Work to be completed » Would you reproduce, without any alteration, the lines from the opening line of the entries through the line that has "each defined once" in it?

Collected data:
⟨

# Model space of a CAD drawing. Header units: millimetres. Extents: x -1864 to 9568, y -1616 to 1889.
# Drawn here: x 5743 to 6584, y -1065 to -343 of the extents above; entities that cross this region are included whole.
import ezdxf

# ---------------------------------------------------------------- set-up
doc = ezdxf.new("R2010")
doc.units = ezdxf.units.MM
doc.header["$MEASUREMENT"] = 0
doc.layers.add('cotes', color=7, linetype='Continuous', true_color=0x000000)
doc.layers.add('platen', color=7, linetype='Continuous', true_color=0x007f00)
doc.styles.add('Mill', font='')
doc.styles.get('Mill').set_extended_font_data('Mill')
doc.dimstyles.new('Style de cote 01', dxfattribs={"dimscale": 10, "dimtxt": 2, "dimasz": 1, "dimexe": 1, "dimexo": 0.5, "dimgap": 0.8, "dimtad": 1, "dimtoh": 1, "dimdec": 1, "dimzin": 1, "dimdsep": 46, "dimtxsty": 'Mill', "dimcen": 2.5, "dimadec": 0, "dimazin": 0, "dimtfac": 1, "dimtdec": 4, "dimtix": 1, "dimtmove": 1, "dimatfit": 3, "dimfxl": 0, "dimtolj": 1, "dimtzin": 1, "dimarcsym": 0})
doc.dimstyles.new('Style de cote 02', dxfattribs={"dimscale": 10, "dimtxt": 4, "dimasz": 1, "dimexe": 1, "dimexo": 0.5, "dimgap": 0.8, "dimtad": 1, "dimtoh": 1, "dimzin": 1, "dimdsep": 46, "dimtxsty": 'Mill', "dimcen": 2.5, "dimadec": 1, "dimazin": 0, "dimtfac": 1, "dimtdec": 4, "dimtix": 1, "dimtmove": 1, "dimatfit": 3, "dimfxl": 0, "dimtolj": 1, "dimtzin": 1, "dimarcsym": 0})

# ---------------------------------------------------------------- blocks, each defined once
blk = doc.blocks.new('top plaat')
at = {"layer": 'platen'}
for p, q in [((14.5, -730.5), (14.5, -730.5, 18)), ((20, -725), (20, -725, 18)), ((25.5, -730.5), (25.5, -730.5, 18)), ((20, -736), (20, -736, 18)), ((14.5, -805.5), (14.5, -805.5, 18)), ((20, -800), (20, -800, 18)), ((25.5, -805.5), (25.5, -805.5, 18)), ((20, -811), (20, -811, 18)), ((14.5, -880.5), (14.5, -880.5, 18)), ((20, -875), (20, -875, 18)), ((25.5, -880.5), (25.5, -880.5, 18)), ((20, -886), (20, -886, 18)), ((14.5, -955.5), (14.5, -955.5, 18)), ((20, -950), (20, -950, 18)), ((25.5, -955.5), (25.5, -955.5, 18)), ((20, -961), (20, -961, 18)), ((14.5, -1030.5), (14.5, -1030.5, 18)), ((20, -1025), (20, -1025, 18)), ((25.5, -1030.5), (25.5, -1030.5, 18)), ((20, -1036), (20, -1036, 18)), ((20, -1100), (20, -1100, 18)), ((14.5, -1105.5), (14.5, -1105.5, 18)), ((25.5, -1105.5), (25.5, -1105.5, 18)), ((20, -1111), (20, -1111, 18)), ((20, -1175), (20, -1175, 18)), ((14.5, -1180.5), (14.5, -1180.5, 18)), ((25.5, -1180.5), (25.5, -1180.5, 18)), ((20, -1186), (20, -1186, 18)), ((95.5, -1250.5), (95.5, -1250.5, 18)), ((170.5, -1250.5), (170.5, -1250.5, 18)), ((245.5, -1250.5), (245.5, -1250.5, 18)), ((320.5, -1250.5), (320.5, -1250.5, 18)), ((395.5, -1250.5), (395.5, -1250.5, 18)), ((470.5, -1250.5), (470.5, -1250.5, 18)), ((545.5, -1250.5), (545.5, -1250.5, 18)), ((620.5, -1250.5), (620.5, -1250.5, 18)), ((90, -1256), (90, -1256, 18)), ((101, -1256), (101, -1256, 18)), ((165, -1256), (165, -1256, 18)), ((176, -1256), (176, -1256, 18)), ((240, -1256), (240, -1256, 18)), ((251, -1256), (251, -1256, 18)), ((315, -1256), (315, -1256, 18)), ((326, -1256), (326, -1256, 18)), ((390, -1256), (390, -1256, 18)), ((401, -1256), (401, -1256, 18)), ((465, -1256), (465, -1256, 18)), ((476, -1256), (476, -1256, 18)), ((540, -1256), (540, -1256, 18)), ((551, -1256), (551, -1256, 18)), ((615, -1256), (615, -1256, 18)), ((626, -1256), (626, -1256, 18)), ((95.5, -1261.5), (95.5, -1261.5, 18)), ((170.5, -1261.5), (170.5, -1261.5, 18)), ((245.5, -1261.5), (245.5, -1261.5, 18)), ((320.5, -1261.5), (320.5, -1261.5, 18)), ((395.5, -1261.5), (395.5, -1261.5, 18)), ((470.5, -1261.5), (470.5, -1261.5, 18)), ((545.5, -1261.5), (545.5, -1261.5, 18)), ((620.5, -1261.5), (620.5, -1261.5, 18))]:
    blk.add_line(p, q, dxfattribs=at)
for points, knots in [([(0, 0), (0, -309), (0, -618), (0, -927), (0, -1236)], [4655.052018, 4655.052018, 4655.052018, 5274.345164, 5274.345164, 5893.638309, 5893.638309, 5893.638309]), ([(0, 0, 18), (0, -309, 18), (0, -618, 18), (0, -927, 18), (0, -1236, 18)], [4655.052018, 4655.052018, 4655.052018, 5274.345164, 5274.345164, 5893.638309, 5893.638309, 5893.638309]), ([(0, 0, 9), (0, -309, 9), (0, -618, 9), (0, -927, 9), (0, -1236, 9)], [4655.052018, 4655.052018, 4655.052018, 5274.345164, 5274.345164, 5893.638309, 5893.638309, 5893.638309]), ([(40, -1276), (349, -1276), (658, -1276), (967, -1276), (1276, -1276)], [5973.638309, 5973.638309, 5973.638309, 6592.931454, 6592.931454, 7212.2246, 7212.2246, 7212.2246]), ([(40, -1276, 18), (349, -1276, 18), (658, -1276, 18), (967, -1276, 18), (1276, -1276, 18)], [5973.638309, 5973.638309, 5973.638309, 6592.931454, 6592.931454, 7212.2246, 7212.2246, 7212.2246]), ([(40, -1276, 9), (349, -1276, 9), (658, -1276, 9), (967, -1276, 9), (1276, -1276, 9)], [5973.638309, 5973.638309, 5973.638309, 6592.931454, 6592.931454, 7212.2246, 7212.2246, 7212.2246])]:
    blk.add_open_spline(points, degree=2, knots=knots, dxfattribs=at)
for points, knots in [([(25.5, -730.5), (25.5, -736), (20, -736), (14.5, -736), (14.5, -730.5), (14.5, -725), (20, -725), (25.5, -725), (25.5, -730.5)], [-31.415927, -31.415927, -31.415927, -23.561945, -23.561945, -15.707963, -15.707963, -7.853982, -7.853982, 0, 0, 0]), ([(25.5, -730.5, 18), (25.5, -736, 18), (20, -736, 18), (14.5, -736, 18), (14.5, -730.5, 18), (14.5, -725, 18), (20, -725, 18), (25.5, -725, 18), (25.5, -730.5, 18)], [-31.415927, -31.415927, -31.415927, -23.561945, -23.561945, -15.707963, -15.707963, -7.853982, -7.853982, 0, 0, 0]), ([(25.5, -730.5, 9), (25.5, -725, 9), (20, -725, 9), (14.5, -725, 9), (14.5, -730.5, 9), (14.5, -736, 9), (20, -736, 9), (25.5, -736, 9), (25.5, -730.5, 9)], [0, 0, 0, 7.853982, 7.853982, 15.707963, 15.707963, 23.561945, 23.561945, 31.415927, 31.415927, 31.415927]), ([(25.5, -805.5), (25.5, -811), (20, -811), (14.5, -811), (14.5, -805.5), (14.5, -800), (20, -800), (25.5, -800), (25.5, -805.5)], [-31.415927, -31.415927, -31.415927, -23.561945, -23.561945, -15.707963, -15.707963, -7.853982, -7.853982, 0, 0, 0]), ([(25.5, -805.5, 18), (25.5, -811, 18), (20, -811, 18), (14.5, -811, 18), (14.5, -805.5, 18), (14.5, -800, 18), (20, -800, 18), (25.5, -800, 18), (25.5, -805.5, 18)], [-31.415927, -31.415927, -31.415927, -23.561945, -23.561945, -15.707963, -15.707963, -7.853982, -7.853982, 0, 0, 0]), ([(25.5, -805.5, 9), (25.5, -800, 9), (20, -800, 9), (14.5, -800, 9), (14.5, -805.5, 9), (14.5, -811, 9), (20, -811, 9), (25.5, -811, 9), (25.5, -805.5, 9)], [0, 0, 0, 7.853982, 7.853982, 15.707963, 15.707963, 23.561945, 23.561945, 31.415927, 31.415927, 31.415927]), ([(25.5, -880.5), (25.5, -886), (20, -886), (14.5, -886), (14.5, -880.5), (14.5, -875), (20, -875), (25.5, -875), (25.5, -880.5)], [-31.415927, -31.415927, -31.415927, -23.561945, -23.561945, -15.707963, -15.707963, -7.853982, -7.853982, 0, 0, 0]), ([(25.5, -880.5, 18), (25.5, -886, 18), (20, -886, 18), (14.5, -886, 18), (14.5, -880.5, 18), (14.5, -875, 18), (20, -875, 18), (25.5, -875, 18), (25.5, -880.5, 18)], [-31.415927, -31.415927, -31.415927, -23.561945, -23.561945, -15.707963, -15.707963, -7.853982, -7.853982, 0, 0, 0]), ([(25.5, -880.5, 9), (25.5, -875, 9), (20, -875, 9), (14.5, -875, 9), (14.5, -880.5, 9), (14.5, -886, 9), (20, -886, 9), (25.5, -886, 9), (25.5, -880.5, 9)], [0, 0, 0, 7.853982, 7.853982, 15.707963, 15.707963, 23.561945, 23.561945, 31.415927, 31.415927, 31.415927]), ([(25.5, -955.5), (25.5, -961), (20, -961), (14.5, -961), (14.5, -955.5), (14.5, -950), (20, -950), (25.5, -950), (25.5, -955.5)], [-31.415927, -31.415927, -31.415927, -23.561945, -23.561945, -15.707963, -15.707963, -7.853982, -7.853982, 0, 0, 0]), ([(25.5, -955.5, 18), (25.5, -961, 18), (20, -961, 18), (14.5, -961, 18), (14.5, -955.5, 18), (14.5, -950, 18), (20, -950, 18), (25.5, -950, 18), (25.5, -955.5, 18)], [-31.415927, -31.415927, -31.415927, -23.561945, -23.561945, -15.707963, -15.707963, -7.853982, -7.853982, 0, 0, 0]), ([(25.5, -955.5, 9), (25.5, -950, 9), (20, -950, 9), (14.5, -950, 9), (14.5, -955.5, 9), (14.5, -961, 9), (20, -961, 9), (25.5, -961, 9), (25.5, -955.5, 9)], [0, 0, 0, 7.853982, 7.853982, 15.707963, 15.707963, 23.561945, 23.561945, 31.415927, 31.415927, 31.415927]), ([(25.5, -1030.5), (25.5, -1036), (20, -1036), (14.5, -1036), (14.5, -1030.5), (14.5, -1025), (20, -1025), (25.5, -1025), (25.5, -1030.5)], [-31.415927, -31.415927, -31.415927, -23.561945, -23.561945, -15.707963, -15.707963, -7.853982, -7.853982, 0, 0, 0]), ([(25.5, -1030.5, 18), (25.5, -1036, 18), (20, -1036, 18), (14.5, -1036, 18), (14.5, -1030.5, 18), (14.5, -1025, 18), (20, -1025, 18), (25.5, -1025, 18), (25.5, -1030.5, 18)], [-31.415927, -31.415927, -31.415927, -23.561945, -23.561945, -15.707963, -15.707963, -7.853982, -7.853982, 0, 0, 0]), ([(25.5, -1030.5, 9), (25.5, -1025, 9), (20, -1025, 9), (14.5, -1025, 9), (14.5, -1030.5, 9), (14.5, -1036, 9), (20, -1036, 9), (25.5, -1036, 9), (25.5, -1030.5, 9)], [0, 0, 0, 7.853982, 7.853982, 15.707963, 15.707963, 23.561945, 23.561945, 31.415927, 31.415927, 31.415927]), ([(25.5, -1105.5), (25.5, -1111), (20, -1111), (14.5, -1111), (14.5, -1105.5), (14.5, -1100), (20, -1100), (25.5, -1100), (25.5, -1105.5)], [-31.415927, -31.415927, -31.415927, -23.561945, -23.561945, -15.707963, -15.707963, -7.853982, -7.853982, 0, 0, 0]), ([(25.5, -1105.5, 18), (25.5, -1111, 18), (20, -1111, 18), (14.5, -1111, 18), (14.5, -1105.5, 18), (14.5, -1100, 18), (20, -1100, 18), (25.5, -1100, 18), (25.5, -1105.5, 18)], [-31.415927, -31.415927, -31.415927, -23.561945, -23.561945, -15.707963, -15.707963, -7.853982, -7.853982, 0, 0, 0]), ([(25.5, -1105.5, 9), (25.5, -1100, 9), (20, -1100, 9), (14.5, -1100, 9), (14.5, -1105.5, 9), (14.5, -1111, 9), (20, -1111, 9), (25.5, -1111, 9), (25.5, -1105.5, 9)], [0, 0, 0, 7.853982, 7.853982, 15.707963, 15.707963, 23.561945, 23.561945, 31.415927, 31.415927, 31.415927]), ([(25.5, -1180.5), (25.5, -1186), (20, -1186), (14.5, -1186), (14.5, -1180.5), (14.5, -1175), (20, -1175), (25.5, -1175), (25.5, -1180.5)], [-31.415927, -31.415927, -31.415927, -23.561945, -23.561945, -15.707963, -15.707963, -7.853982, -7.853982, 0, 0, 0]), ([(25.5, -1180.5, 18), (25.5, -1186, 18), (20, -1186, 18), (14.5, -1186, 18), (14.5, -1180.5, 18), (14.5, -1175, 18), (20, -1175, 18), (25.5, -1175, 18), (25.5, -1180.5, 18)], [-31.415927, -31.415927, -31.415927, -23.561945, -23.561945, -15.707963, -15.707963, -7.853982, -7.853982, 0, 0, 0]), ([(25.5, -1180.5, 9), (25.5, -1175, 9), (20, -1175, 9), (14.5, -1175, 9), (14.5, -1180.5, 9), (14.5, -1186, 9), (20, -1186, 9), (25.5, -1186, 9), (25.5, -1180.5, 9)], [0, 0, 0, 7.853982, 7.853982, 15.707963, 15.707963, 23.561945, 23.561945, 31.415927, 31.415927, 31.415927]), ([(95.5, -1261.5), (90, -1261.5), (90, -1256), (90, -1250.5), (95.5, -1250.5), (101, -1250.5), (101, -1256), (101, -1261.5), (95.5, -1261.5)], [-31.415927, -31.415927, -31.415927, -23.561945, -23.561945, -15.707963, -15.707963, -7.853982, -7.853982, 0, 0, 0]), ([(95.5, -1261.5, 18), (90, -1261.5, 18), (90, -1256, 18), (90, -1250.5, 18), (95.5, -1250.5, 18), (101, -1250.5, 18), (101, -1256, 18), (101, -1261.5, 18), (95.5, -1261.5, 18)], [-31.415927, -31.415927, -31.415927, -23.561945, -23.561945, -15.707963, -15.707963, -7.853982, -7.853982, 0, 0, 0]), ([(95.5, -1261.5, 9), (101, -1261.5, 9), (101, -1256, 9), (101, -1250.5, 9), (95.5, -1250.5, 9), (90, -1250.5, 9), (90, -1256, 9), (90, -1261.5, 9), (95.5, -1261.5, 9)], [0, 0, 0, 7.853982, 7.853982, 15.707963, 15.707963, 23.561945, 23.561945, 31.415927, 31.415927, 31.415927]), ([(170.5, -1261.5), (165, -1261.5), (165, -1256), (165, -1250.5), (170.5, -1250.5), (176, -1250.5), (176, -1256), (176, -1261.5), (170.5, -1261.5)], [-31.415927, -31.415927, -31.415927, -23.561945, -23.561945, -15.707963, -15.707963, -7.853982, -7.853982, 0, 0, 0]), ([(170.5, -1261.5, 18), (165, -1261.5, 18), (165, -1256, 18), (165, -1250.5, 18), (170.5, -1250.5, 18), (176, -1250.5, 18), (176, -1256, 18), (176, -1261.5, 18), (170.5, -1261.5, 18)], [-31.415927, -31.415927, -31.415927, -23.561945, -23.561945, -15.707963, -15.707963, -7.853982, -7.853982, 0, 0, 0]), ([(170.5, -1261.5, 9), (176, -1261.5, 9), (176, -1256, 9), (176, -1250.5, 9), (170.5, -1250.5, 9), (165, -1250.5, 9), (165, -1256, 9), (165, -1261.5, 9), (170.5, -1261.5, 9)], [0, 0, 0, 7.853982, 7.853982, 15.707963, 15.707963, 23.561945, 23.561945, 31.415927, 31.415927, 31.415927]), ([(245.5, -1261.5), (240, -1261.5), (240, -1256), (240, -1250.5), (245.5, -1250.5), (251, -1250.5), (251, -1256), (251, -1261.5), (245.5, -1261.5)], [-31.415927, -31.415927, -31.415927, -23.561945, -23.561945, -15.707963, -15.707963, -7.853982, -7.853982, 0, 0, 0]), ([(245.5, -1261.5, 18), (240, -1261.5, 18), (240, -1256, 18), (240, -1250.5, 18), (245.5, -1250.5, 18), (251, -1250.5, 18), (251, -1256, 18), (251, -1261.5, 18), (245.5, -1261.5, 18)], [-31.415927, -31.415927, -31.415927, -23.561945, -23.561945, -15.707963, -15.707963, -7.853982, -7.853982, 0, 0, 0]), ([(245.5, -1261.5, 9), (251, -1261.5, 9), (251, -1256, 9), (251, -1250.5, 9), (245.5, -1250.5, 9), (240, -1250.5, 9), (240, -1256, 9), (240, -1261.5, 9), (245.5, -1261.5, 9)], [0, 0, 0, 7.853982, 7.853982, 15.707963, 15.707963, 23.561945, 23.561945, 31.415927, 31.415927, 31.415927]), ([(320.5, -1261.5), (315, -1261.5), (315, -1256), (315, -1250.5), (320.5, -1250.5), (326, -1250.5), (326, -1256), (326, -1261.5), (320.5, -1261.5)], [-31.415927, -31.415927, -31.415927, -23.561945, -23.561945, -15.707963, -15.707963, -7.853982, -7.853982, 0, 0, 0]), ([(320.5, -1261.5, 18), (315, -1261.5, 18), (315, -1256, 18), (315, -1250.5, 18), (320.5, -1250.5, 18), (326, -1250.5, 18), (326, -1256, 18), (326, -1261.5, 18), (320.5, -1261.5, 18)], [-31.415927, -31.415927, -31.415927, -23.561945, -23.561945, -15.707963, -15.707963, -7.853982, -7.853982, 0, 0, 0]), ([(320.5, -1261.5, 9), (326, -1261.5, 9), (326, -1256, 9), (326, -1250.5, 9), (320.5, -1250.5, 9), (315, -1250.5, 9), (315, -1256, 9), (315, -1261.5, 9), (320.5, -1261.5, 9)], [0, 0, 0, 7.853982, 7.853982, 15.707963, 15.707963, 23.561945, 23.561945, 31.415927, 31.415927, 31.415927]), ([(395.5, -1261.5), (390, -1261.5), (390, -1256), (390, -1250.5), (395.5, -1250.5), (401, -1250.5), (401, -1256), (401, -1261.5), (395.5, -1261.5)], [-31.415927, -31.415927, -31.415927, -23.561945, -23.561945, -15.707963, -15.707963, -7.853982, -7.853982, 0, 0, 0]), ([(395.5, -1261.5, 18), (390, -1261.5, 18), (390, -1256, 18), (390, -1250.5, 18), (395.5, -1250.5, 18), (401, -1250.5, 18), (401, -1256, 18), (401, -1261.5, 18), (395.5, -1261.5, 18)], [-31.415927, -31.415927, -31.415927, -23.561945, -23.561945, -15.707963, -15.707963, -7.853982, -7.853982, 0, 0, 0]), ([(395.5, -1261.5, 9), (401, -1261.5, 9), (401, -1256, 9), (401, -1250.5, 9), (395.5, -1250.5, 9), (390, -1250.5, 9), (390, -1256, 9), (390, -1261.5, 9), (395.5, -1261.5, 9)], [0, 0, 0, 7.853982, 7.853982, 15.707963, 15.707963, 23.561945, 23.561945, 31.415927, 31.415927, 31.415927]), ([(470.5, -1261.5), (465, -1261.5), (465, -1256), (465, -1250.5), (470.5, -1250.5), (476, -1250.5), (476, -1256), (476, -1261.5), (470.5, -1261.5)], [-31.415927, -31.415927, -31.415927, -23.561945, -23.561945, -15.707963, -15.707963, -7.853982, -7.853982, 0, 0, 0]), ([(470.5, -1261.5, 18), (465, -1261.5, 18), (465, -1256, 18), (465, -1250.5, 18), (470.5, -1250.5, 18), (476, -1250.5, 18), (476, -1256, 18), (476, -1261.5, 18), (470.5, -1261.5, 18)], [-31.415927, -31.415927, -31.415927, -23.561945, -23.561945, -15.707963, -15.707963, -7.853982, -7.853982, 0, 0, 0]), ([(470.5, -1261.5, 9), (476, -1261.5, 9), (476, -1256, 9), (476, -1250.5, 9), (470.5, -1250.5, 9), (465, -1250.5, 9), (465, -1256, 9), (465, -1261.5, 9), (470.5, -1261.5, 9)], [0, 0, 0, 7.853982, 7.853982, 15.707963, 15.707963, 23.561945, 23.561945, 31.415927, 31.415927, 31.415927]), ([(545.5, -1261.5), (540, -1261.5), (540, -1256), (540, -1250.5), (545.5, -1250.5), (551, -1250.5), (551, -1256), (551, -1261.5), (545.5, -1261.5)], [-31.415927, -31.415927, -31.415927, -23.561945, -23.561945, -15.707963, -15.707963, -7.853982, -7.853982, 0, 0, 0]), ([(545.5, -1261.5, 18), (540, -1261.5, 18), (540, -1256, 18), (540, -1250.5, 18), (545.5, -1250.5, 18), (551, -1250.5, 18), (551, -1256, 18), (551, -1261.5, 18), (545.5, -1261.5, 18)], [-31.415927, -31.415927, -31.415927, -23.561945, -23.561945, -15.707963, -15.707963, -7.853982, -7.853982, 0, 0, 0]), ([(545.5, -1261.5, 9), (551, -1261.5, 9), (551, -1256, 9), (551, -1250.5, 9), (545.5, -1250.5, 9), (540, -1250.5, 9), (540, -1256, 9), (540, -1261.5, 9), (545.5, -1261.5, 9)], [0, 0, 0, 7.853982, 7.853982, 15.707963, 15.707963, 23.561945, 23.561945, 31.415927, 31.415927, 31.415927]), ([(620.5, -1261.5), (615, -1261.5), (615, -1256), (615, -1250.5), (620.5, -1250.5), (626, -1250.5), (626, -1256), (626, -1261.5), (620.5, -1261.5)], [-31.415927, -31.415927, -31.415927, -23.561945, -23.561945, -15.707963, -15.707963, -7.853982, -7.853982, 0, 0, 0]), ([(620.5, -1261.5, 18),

⟩

Exercise solution »
# Model space of a CAD drawing. Header units: millimetres. Extents: x -1864 to 9568, y -1616 to 1889.
# Drawn here: x 5743 to 6584, y -1065 to -343 of the extents above; entities that cross this region are included whole.
import ezdxf

# ---------------------------------------------------------------- set-up
doc = ezdxf.new("R2010")
doc.units = ezdxf.units.MM
doc.header["$MEASUREMENT"] = 0
doc.layers.add('cotes', color=7, linetype='Continuous', true_color=0x000000)
doc.layers.add('platen', color=7, linetype='Continuous', true_color=0x007f00)
doc.styles.add('Mill', font='')
doc.styles.get('Mill').set_extended_font_data('Mill')
doc.dimstyles.new('Style de cote 01', dxfattribs={"dimscale": 10, "dimtxt": 2, "dimasz": 1, "dimexe": 1, "dimexo": 0.5, "dimgap": 0.8, "dimtad": 1, "dimtoh": 1, "dimdec": 1, "dimzin": 1, "dimdsep": 46, "dimtxsty": 'Mill', "dimcen": 2.5, "dimadec": 0, "dimazin": 0, "dimtfac": 1, "dimtdec": 4, "dimtix": 1, "dimtmove": 1, "dimatfit": 3, "dimfxl": 0, "dimtolj": 1, "dimtzin": 1, "dimarcsym": 0})
doc.dimstyles.new('Style de cote 02', dxfattribs={"dimscale": 10, "dimtxt": 4, "dimasz": 1, "dimexe": 1, "dimexo": 0.5, "dimgap": 0.8, "dimtad": 1, "dimtoh": 1, "dimzin": 1, "dimdsep": 46, "dimtxsty": 'Mill', "dimcen": 2.5, "dimadec": 1, "dimazin": 0, "dimtfac": 1, "dimtdec": 4, "dimtix": 1, "dimtmove": 1, "dimatfit": 3, "dimfxl": 0, "dimtolj": 1, "dimtzin": 1, "dimarcsym": 0})

# ---------------------------------------------------------------- blocks, each defined once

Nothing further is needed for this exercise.